▸ **Given records**
== Segment start ==

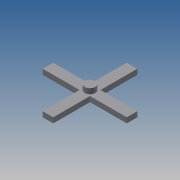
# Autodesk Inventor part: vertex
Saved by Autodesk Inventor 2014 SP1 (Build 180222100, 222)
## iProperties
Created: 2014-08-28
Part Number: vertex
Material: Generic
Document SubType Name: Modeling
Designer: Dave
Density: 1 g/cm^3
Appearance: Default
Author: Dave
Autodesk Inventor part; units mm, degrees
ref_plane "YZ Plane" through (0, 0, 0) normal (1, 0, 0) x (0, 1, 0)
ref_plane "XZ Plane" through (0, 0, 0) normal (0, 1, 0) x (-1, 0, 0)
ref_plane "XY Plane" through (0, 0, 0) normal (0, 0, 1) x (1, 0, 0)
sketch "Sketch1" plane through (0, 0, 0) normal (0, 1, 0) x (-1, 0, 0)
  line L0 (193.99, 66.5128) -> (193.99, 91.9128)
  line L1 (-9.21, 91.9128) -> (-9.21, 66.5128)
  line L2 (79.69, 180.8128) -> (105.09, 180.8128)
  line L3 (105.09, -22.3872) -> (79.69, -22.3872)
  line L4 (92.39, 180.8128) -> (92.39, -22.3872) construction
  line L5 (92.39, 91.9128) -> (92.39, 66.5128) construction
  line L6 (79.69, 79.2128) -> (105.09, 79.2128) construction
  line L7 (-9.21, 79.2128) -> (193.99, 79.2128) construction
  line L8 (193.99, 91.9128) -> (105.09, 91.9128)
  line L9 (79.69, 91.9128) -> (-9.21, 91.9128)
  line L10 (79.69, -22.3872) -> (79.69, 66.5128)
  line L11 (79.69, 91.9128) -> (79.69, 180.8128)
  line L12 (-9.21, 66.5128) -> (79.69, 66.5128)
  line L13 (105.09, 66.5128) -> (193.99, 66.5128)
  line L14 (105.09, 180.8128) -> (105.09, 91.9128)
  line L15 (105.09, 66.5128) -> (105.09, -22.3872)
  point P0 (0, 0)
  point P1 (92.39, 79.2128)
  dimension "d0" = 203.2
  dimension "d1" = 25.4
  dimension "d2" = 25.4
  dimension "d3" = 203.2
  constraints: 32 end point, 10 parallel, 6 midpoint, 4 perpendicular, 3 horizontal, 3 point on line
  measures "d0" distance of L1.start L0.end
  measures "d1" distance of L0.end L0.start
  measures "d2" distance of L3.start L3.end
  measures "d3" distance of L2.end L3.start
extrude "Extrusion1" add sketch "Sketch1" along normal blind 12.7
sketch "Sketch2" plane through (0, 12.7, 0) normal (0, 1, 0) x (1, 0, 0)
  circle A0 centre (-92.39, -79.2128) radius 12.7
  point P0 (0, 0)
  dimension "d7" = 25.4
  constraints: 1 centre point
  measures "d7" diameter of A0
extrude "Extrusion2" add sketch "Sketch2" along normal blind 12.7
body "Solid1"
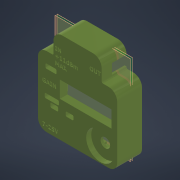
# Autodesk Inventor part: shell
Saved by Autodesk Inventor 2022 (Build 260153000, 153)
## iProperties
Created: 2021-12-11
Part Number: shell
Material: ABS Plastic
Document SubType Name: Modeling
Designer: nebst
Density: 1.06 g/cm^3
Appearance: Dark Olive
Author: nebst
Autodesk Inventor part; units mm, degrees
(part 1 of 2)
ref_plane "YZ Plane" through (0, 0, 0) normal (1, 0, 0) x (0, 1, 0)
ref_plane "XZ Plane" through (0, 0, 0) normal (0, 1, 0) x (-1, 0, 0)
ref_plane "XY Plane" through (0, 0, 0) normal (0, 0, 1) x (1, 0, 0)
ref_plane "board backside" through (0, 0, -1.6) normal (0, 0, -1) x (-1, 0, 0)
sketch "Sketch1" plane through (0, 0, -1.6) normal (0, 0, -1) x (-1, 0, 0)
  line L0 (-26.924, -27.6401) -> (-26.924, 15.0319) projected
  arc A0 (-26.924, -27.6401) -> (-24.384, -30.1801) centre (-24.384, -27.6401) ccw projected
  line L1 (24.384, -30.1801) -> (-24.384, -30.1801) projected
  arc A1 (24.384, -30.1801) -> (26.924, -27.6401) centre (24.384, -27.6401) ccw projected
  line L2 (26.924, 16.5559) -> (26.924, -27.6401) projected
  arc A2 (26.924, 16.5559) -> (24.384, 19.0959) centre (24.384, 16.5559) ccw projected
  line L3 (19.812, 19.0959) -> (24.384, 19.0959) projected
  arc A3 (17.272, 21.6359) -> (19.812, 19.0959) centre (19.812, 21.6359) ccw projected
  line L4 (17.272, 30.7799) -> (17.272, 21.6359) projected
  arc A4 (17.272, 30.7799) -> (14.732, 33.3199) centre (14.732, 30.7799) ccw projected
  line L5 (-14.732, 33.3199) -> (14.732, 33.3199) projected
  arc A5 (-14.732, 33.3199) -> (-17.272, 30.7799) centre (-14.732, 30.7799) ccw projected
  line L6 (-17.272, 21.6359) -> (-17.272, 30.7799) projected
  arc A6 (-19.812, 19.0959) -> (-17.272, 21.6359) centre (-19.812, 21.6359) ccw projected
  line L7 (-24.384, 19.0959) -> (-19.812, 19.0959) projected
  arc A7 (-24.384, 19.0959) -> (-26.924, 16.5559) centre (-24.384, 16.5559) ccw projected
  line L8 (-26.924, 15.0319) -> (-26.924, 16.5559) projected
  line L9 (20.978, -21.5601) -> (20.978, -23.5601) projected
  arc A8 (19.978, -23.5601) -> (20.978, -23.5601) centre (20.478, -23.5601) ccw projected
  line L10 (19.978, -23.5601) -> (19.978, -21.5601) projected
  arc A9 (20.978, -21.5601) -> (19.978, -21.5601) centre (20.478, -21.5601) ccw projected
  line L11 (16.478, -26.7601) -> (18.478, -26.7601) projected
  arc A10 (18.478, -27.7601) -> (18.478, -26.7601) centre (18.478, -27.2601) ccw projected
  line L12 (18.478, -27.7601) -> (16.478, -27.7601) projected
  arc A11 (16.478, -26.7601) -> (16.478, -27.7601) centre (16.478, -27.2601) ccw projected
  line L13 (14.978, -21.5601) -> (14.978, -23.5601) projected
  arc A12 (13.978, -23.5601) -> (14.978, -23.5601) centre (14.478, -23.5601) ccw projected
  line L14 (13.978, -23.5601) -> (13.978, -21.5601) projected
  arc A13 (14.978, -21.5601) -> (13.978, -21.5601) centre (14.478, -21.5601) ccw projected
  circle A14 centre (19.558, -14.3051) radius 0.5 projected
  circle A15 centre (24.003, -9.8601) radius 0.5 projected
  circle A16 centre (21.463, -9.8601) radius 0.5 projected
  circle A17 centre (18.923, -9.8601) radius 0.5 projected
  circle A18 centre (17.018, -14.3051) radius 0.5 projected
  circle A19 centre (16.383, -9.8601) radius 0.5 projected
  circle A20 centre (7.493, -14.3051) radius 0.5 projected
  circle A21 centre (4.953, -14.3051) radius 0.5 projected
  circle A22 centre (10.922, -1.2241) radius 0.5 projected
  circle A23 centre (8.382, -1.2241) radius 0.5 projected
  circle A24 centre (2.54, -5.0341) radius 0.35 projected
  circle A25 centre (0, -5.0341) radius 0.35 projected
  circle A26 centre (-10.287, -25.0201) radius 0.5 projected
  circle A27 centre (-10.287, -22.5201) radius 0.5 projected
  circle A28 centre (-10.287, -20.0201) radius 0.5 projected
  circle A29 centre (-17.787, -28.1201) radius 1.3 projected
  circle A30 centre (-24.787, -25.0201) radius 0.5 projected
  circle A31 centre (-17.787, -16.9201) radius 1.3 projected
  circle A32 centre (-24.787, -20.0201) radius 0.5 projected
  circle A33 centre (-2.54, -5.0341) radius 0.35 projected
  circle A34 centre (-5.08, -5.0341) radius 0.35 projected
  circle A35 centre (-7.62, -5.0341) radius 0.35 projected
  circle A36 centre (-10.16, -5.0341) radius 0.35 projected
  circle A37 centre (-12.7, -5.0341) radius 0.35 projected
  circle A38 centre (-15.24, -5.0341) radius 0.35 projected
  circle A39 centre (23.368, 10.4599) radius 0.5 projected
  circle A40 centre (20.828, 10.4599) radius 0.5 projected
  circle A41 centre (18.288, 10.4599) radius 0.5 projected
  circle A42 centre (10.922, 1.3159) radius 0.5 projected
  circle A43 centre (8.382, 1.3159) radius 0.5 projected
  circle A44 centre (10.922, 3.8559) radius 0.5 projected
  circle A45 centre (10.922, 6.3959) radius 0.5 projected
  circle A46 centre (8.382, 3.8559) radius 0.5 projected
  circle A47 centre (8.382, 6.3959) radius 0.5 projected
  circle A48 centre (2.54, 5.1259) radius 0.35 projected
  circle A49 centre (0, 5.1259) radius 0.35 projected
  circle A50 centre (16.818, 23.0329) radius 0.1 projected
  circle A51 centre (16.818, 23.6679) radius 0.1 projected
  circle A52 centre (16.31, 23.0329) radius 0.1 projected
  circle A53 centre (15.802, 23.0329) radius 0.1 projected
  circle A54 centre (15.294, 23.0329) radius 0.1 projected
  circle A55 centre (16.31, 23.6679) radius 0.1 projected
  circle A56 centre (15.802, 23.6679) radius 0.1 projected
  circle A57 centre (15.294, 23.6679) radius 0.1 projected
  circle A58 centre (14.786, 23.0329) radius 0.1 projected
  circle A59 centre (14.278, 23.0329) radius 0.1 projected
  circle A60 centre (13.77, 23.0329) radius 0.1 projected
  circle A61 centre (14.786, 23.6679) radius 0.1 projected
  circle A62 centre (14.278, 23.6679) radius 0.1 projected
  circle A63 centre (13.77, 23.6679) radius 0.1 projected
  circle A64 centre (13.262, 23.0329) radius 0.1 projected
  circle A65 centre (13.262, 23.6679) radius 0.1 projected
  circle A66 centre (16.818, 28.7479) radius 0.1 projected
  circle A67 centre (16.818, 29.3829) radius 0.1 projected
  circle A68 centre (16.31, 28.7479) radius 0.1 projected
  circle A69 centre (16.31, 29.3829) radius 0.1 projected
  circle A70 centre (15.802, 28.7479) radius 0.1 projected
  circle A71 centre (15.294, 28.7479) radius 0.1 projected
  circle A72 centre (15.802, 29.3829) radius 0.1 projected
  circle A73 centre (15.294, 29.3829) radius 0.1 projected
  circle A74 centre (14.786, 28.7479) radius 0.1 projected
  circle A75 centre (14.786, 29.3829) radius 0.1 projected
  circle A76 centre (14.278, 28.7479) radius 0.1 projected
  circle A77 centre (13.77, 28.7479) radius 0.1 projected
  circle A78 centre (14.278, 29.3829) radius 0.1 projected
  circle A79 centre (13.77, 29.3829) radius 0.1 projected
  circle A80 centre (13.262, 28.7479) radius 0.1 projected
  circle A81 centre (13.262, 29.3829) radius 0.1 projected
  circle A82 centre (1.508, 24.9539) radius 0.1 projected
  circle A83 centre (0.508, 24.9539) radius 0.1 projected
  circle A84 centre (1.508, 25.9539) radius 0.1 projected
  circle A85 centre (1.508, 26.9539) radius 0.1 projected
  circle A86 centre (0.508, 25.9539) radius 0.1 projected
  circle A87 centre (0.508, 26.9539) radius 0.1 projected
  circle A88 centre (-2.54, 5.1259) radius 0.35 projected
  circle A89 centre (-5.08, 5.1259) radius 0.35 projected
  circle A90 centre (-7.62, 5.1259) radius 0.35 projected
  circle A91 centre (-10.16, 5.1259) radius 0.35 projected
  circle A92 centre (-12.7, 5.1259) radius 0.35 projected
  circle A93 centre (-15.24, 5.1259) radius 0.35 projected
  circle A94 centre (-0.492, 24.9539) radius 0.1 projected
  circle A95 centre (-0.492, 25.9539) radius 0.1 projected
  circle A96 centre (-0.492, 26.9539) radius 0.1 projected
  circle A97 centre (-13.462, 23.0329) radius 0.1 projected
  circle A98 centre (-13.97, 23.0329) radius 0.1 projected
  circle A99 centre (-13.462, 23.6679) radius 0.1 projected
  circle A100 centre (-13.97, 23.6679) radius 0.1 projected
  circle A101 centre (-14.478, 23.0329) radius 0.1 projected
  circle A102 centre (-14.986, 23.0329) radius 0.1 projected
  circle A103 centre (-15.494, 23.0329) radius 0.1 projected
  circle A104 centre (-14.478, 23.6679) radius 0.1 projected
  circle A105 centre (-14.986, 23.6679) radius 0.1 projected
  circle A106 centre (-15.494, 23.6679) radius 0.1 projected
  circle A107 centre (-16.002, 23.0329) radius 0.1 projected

== Segment end ==

▸ **Task instructions**
Set down again, word for word, the stretch of records from the line with "arc A2 (26.924, 16.5559)" to the line with "line L4 (17.272, 30.7799)", both of those lines included.

▸ **Answer to this problem**
  arc A2 (26.924, 16.5559) -> (24.384, 19.0959) centre (24.384, 16.5559) ccw projected
  line L3 (19.812, 19.0959) -> (24.384, 19.0959) projected
  arc A3 (17.272, 21.6359) -> (19.812, 19.0959) centre (19.812, 21.6359) ccw projected
  line L4 (17.272, 30.7799) -> (17.272, 21.6359) projected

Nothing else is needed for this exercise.